Я стоял у тележки мороженщика, когда подошел Коко, соседский оболтус, и попросил стаканчик за лев. У меня была возможность лишь наблюдать за подобными акциями, так как мне никогда не давали денег на мороженое, и прок от моих шатаний вокруг да около тележки выражался лишь в зрительном наслаждении. Подобное блаженство могло быть под стать лишь ощущениям моего знакомого – Василия Блаженного.
Вероятно, поймав мой голодный взгляд, обращенный к стаканчику с благоухающим ванилью лакомством, Коко, в очередной раз лизнув свое мороженое, злорадно спросил:
– А ты почему не купишь?
– Куплю, только за два лева, – ответил я.

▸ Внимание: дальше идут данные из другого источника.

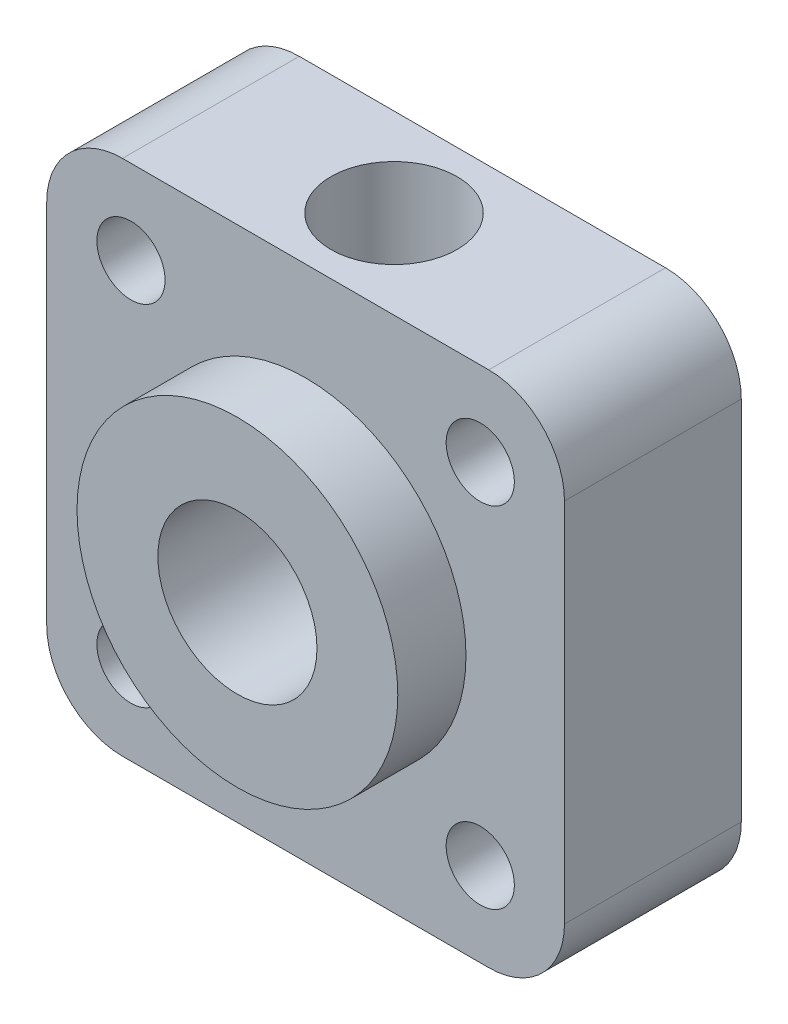
ISO-10303-21;
HEADER;
FILE_DESCRIPTION(('STEP AP214'),'2;1');
FILE_NAME('part.step','',(''),(''),'','','');
FILE_SCHEMA(('AUTOMOTIVE_DESIGN { 1 0 10303 214 1 1 1 1 }'));
ENDSEC;
DATA;
#1=APPLICATION_CONTEXT('core data for automotive mechanical design processes');
#2=APPLICATION_PROTOCOL_DEFINITION('international standard','automotive_design',2000,#1);
#3=PRODUCT_CONTEXT('',#1,'mechanical');
#4=PRODUCT('Part','Part','',(#3));
#5=PRODUCT_RELATED_PRODUCT_CATEGORY('part','',(#4));
#6=PRODUCT_DEFINITION_FORMATION('','',#4);
#7=PRODUCT_DEFINITION_CONTEXT('part definition',#1,'design');
#8=PRODUCT_DEFINITION('design','',#6,#7);
#9=PRODUCT_DEFINITION_SHAPE('','',#8);
#10=(LENGTH_UNIT() NAMED_UNIT(*) SI_UNIT(.MILLI.,.METRE.));
#11=(NAMED_UNIT(*) PLANE_ANGLE_UNIT() SI_UNIT($,.RADIAN.));
#12=(NAMED_UNIT(*) SI_UNIT($,.STERADIAN.) SOLID_ANGLE_UNIT());
#13=UNCERTAINTY_MEASURE_WITH_UNIT(LENGTH_MEASURE(1.E-05),#10,'distance_accuracy_value','');
#14=(GEOMETRIC_REPRESENTATION_CONTEXT(3) GLOBAL_UNCERTAINTY_ASSIGNED_CONTEXT((#13)) GLOBAL_UNIT_ASSIGNED_CONTEXT((#10,
#11,#12)) REPRESENTATION_CONTEXT('',''));
#15=CARTESIAN_POINT('',(0.,0.,0.));
#16=DIRECTION('',(0.,0.,1.));
#17=DIRECTION('',(1.,0.,0.));
#18=AXIS2_PLACEMENT_3D('',#15,#16,#17);
#19=CARTESIAN_POINT('',(0.,0.,7.));
#20=DIRECTION('',(0.,0.,1.));
#21=DIRECTION('',(1.,0.,0.));
#22=AXIS2_PLACEMENT_3D('',#19,#20,#21);
#23=PLANE('',#22);
#24=CARTESIAN_POINT('',(-6.91550432000444,-6.91550432000443,7.));
#25=DIRECTION('',(0.,0.,1.));
#26=DIRECTION('',(1.,0.,0.));
#27=AXIS2_PLACEMENT_3D('',#24,#25,#26);
#28=CIRCLE('',#27,1.35);
#29=CARTESIAN_POINT('',(-5.56550432000444,-6.91550432000443,7.));
#30=VERTEX_POINT('',#29);
#31=EDGE_CURVE('E202',#30,#30,#28,.T.);
#32=ORIENTED_EDGE('',*,*,#31,.F.);
#33=EDGE_LOOP('',(#32));
#34=FACE_BOUND('',#33,.T.);
#35=CARTESIAN_POINT('',(6.91550432000443,-6.91550432000443,7.));
#36=DIRECTION('',(0.,0.,1.));
#37=DIRECTION('',(1.,0.,0.));
#38=AXIS2_PLACEMENT_3D('',#35,#36,#37);
#39=CIRCLE('',#38,1.35);
#40=CARTESIAN_POINT('',(8.26550432000443,-6.91550432000443,7.));
#41=VERTEX_POINT('',#40);
#42=EDGE_CURVE('E196',#41,#41,#39,.T.);
#43=ORIENTED_EDGE('',*,*,#42,.F.);
#44=EDGE_LOOP('',(#43));
#45=FACE_BOUND('',#44,.T.);
#46=CARTESIAN_POINT('',(6.91550432000443,6.91550432000444,7.));
#47=DIRECTION('',(0.,0.,1.));
#48=DIRECTION('',(1.,0.,0.));
#49=AXIS2_PLACEMENT_3D('',#46,#47,#48);
#50=CIRCLE('',#49,1.35);
#51=CARTESIAN_POINT('',(8.26550432000443,6.91550432000444,7.));
#52=VERTEX_POINT('',#51);
#53=EDGE_CURVE('E190',#52,#52,#50,.T.);
#54=ORIENTED_EDGE('',*,*,#53,.F.);
#55=EDGE_LOOP('',(#54));
#56=FACE_BOUND('',#55,.T.);
#57=CARTESIAN_POINT('',(-6.91550432000444,6.91550432000443,7.));
#58=DIRECTION('',(0.,0.,1.));
#59=DIRECTION('',(1.,0.,0.));
#60=AXIS2_PLACEMENT_3D('',#57,#58,#59);
#61=CIRCLE('',#60,1.35000000000001);
#62=CARTESIAN_POINT('',(-5.56550432000443,6.91550432000443,7.));
#63=VERTEX_POINT('',#62);
#64=EDGE_CURVE('E184',#63,#63,#61,.T.);
#65=ORIENTED_EDGE('',*,*,#64,.F.);
#66=EDGE_LOOP('',(#65));
#67=FACE_BOUND('',#66,.T.);
#68=DIRECTION('',(0.,-1.,0.));
#69=VECTOR('',#68,1.);
#70=CARTESIAN_POINT('',(-10.25,10.25,7.));
#71=LINE('',#70,#69);
#72=CARTESIAN_POINT('',(-10.25,7.25000000000001,7.));
#73=VERTEX_POINT('',#72);
#74=CARTESIAN_POINT('',(-10.25,-7.24999999999999,7.));
#75=VERTEX_POINT('',#74);
#76=EDGE_CURVE('E171',#73,#75,#71,.T.);
#77=ORIENTED_EDGE('',*,*,#76,.T.);
#78=CARTESIAN_POINT('',(-7.25000000000001,-7.25,7.));
#79=DIRECTION('',(0.,0.,1.));
#80=DIRECTION('',(1.,0.,0.));
#81=AXIS2_PLACEMENT_3D('',#78,#79,#80);
#82=CIRCLE('',#81,3.);
#83=CARTESIAN_POINT('',(-7.25000000000001,-10.25,7.));
#84=VERTEX_POINT('',#83);
#85=EDGE_CURVE('E148',#75,#84,#82,.T.);
#86=ORIENTED_EDGE('',*,*,#85,.T.);
#87=DIRECTION('',(1.,0.,0.));
#88=VECTOR('',#87,1.);
#89=CARTESIAN_POINT('',(-10.25,-10.25,7.));
#90=LINE('',#89,#88);
#91=CARTESIAN_POINT('',(7.24999999999999,-10.25,7.));
#92=VERTEX_POINT('',#91);
#93=EDGE_CURVE('E120',#84,#92,#90,.T.);
#94=ORIENTED_EDGE('',*,*,#93,.T.);
#95=CARTESIAN_POINT('',(7.25,-7.24999999999999,7.));
#96=DIRECTION('',(0.,0.,1.));
#97=DIRECTION('',(1.,0.,0.));
#98=AXIS2_PLACEMENT_3D('',#95,#96,#97);
#99=CIRCLE('',#98,3.);
#100=CARTESIAN_POINT('',(10.25,-7.24999999999999,7.));
#101=VERTEX_POINT('',#100);
#102=EDGE_CURVE('E146',#92,#101,#99,.T.);
#103=ORIENTED_EDGE('',*,*,#102,.T.);
#104=DIRECTION('',(0.,1.,0.));
#105=VECTOR('',#104,1.);
#106=CARTESIAN_POINT('',(10.25,10.25,7.));
#107=LINE('',#106,#105);
#108=CARTESIAN_POINT('',(10.25,7.25000000000001,7.));
#109=VERTEX_POINT('',#108);
#110=EDGE_CURVE('E126',#101,#109,#107,.T.);
#111=ORIENTED_EDGE('',*,*,#110,.T.);
#112=CARTESIAN_POINT('',(7.24999999999999,7.25000000000001,7.));
#113=DIRECTION('',(0.,0.,1.));
#114=DIRECTION('',(1.,0.,0.));
#115=AXIS2_PLACEMENT_3D('',#112,#113,#114);
#116=CIRCLE('',#115,3.);
#117=CARTESIAN_POINT('',(7.24999999999999,10.25,7.));
#118=VERTEX_POINT('',#117);
#119=EDGE_CURVE('E55',#109,#118,#116,.T.);
#120=ORIENTED_EDGE('',*,*,#119,.T.);
#121=DIRECTION('',(-1.,0.,0.));
#122=VECTOR('',#121,1.);
#123=CARTESIAN_POINT('',(-10.25,10.25,7.));
#124=LINE('',#123,#122);
#125=CARTESIAN_POINT('',(-7.25000000000001,10.25,7.));
#126=VERTEX_POINT('',#125);
#127=EDGE_CURVE('E129',#118,#126,#124,.T.);
#128=ORIENTED_EDGE('',*,*,#127,.T.);
#129=CARTESIAN_POINT('',(-7.25000000000001,7.25000000000001,7.));
#130=DIRECTION('',(0.,0.,1.));
#131=DIRECTION('',(1.,0.,0.));
#132=AXIS2_PLACEMENT_3D('',#129,#130,#131);
#133=CIRCLE('',#132,3.);
#134=EDGE_CURVE('E143',#126,#73,#133,.T.);
#135=ORIENTED_EDGE('',*,*,#134,.T.);
#136=EDGE_LOOP('',(#77,#86,#94,#103,#111,#120,#128,#135));
#137=FACE_BOUND('',#136,.T.);
#138=CARTESIAN_POINT('',(0.,0.,7.));
#139=DIRECTION('',(0.,0.,1.));
#140=DIRECTION('',(1.,0.,0.));
#141=AXIS2_PLACEMENT_3D('',#138,#139,#140);
#142=CIRCLE('',#141,6.35);
#143=CARTESIAN_POINT('',(6.35,0.,7.));
#144=VERTEX_POINT('',#143);
#145=EDGE_CURVE('E167',#144,#144,#142,.T.);
#146=ORIENTED_EDGE('',*,*,#145,.F.);
#147=EDGE_LOOP('',(#146));
#148=FACE_BOUND('',#147,.T.);
#149=ADVANCED_FACE('F34',(#34,#45,#56,#67,#137,#148),#23,.T.);
#150=CARTESIAN_POINT('',(10.25,10.25,7.));
#151=DIRECTION('',(-1.,0.,0.));
#152=DIRECTION('',(0.,-1.,0.));
#153=AXIS2_PLACEMENT_3D('',#150,#151,#152);
#154=PLANE('',#153);
#155=ORIENTED_EDGE('',*,*,#110,.F.);
#156=DIRECTION('',(0.,0.,-1.));
#157=VECTOR('',#156,1.);
#158=CARTESIAN_POINT('',(10.25,-7.24999999999999,7.));
#159=LINE('',#158,#157);
#160=CARTESIAN_POINT('',(10.25,-7.24999999999999,0.));
#161=VERTEX_POINT('',#160);
#162=EDGE_CURVE('E152',#101,#161,#159,.T.);
#163=ORIENTED_EDGE('',*,*,#162,.T.);
#164=DIRECTION('',(0.,1.,0.));
#165=VECTOR('',#164,1.);
#166=CARTESIAN_POINT('',(10.25,10.25,0.));
#167=LINE('',#166,#165);
#168=CARTESIAN_POINT('',(10.25,7.25000000000001,0.));
#169=VERTEX_POINT('',#168);
#170=EDGE_CURVE('E159',#161,#169,#167,.T.);
#171=ORIENTED_EDGE('',*,*,#170,.T.);
#172=DIRECTION('',(0.,0.,-1.));
#173=VECTOR('',#172,1.);
#174=CARTESIAN_POINT('',(10.25,7.25000000000001,7.));
#175=LINE('',#174,#173);
#176=EDGE_CURVE('E150',#169,#109,#175,.F.);
#177=ORIENTED_EDGE('',*,*,#176,.T.);
#178=EDGE_LOOP('',(#155,#163,#171,#177));
#179=FACE_BOUND('',#178,.T.);
#180=ADVANCED_FACE('F158',(#179),#154,.F.);
#181=CARTESIAN_POINT('',(-10.25,10.25,7.));
#182=DIRECTION('',(0.,-1.,0.));
#183=DIRECTION('',(0.,0.,-1.));
#184=AXIS2_PLACEMENT_3D('',#181,#182,#183);
#185=PLANE('',#184);
#186=CARTESIAN_POINT('',(0.,10.25,3.5));
#187=DIRECTION('',(0.,1.,0.));
#188=DIRECTION('',(0.,0.,1.));
#189=AXIS2_PLACEMENT_3D('',#186,#187,#188);
#190=CIRCLE('',#189,2.5);
#191=CARTESIAN_POINT('',(0.,10.25,6.));
#192=VERTEX_POINT('',#191);
#193=EDGE_CURVE('E205',#192,#192,#190,.T.);
#194=ORIENTED_EDGE('',*,*,#193,.F.);
#195=EDGE_LOOP('',(#194));
#196=FACE_BOUND('',#195,.T.);
#197=ORIENTED_EDGE('',*,*,#127,.F.);
#198=DIRECTION('',(0.,0.,-1.));
#199=VECTOR('',#198,1.);
#200=CARTESIAN_POINT('',(7.24999999999999,10.25,7.));
#201=LINE('',#200,#199);
#202=CARTESIAN_POINT('',(7.24999999999999,10.25,0.));
#203=VERTEX_POINT('',#202);
#204=EDGE_CURVE('E11',#118,#203,#201,.T.);
#205=ORIENTED_EDGE('',*,*,#204,.T.);
#206=DIRECTION('',(-1.,0.,0.));
#207=VECTOR('',#206,1.);
#208=CARTESIAN_POINT('',(-10.25,10.25,0.));
#209=LINE('',#208,#207);
#210=CARTESIAN_POINT('',(-7.25000000000001,10.25,0.));
#211=VERTEX_POINT('',#210);
#212=EDGE_CURVE('E131',#203,#211,#209,.T.);
#213=ORIENTED_EDGE('',*,*,#212,.T.);
#214=DIRECTION('',(0.,0.,-1.));
#215=VECTOR('',#214,1.);
#216=CARTESIAN_POINT('',(-7.25000000000001,10.25,7.));
#217=LINE('',#216,#215);
#218=EDGE_CURVE('E42',#211,#126,#217,.F.);
#219=ORIENTED_EDGE('',*,*,#218,.T.);
#220=EDGE_LOOP('',(#197,#205,#213,#219));
#221=FACE_BOUND('',#220,.T.);
#222=ADVANCED_FACE('F261',(#196,#221),#185,.F.);
#223=CARTESIAN_POINT('',(-10.25,10.25,7.));
#224=DIRECTION('',(1.,0.,0.));
#225=DIRECTION('',(0.,1.,0.));
#226=AXIS2_PLACEMENT_3D('',#223,#224,#225);
#227=PLANE('',#226);
#228=DIRECTION('',(0.,-1.,0.));
#229=VECTOR('',#228,1.);
#230=CARTESIAN_POINT('',(-10.25,10.25,0.));
#231=LINE('',#230,#229);
#232=CARTESIAN_POINT('',(-10.25,7.25000000000001,0.));
#233=VERTEX_POINT('',#232);
#234=CARTESIAN_POINT('',(-10.25,-7.24999999999999,0.));
#235=VERTEX_POINT('',#234);
#236=EDGE_CURVE('E127',#233,#235,#231,.T.);
#237=ORIENTED_EDGE('',*,*,#236,.T.);
#238=DIRECTION('',(0.,0.,-1.));
#239=VECTOR('',#238,1.);
#240=CARTESIAN_POINT('',(-10.25,-7.25,7.));
#241=LINE('',#240,#239);
#242=EDGE_CURVE('E105',#235,#75,#241,.F.);
#243=ORIENTED_EDGE('',*,*,#242,.T.);
#244=ORIENTED_EDGE('',*,*,#76,.F.);
#245=DIRECTION('',(0.,0.,-1.));
#246=VECTOR('',#245,1.);
#247=CARTESIAN_POINT('',(-10.25,7.25000000000001,7.));
#248=LINE('',#247,#246);
#249=EDGE_CURVE('E110',#73,#233,#248,.T.);
#250=ORIENTED_EDGE('',*,*,#249,.T.);
#251=EDGE_LOOP('',(#237,#243,#244,#250));
#252=FACE_BOUND('',#251,.T.);
#253=ADVANCED_FACE('F258',(#252),#227,.F.);
#254=CARTESIAN_POINT('',(-10.25,-10.25,7.));
#255=DIRECTION('',(0.,1.,0.));
#256=DIRECTION('',(0.,0.,1.));
#257=AXIS2_PLACEMENT_3D('',#254,#255,#256);
#258=PLANE('',#257);
#259=ORIENTED_EDGE('',*,*,#93,.F.);
#260=DIRECTION('',(0.,0.,-1.));
#261=VECTOR('',#260,1.);
#262=CARTESIAN_POINT('',(-7.25000000000001,-10.25,7.));
#263=LINE('',#262,#261);
#264=CARTESIAN_POINT('',(-7.25000000000001,-10.25,0.));
#265=VERTEX_POINT('',#264);
#266=EDGE_CURVE('E104',#84,#265,#263,.T.);
#267=ORIENTED_EDGE('',*,*,#266,.T.);
#268=DIRECTION('',(1.,0.,0.));
#269=VECTOR('',#268,1.);
#270=CARTESIAN_POINT('',(-10.25,-10.25,0.));
#271=LINE('',#270,#269);
#272=CARTESIAN_POINT('',(7.24999999999999,-10.25,0.));
#273=VERTEX_POINT('',#272);
#274=EDGE_CURVE('E117',#265,#273,#271,.T.);
#275=ORIENTED_EDGE('',*,*,#274,.T.);
#276=DIRECTION('',(0.,0.,-1.));
#277=VECTOR('',#276,1.);
#278=CARTESIAN_POINT('',(7.25,-10.25,7.));
#279=LINE('',#278,#277);
#280=EDGE_CURVE('E122',#273,#92,#279,.F.);
#281=ORIENTED_EDGE('',*,*,#280,.T.);
#282=EDGE_LOOP('',(#259,#267,#275,#281));
#283=FACE_BOUND('',#282,.T.);
#284=ADVANCED_FACE('F116',(#283),#258,.F.);
#285=CARTESIAN_POINT('',(0.,0.,0.));
#286=DIRECTION('',(0.,0.,1.));
#287=DIRECTION('',(1.,0.,0.));
#288=AXIS2_PLACEMENT_3D('',#285,#286,#287);
#289=PLANE('',#288);
#290=CARTESIAN_POINT('',(-6.91550432000444,-6.91550432000443,0.));
#291=DIRECTION('',(0.,0.,1.));
#292=DIRECTION('',(1.,0.,0.));
#293=AXIS2_PLACEMENT_3D('',#290,#291,#292);
#294=CIRCLE('',#293,1.35);
#295=CARTESIAN_POINT('',(-5.56550432000444,-6.91550432000443,0.));
#296=VERTEX_POINT('',#295);
#297=EDGE_CURVE('E199',#296,#296,#294,.T.);
#298=ORIENTED_EDGE('',*,*,#297,.T.);
#299=EDGE_LOOP('',(#298));
#300=FACE_BOUND('',#299,.T.);
#301=CARTESIAN_POINT('',(6.91550432000443,-6.91550432000443,0.));
#302=DIRECTION('',(0.,0.,1.));
#303=DIRECTION('',(1.,0.,0.));
#304=AXIS2_PLACEMENT_3D('',#301,#302,#303);
#305=CIRCLE('',#304,1.35);
#306=CARTESIAN_POINT('',(8.26550432000443,-6.91550432000443,0.));
#307=VERTEX_POINT('',#306);
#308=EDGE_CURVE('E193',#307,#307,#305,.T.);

Не знаю, почему я это выпалил. Наверное, потому, что мое достоинство не позволило признаться в том, что на самом деле я не мог себе этого позволить из-за бедности.
– Врешь. У тебя нет двух левов.
– Как бы не так, есть. Вот они, здесь, – ответил я и в доказательство похлопал по карману, где в действительности был лишь один стеклянный шарик.
– Ну-ка покажи!
– Нечего тебе смотреть.
Остаток мороженого Коко запустил в меня. Я хотел было побежать, не от страха, что он отберет мои несуществующие два лева, а от стыда, что ему станет доподлинно известно о моем жалком безденежье. Но он догнал меня, повалил на землю, и мы принялись кататься в густой пловдивской пыли. Я был несоизмеримо более хилым в сравнении с Коко, так что он мне крепко всыпал, а когда мой обман был раскрыт, добавил еще, чтобы другой раз мне было неповадно врать. Урок был уместен, хотя я его воспринял по-своему – я уразумел, что люди настолько завистливы, что завидуют даже тому, чего у тебя нет.
Испугавшись моего угрожающего тона, дети внизу прекратили междоусобицу и волей-неволей приняли в игру малыша с кисточкой. Наконец появилась возможность сосредоточиться на следующем пассаже, но вместо этого мои мысли стали возвращаться ко сну, от которого я пробудился сегодня утром.
В сущности, сон был совсем не нов. Один из тех снов, что посещают нас с неравными интервалами на протяжении многих лет, не заботясь о том, желанны они или нет.
Как будто я на экскурсии или просто в горах, и все, что я вижу и ощущаю, я и на самом деле видел и ощущал когда-то, еще будучи ребенком, когда отец водил меня в горы.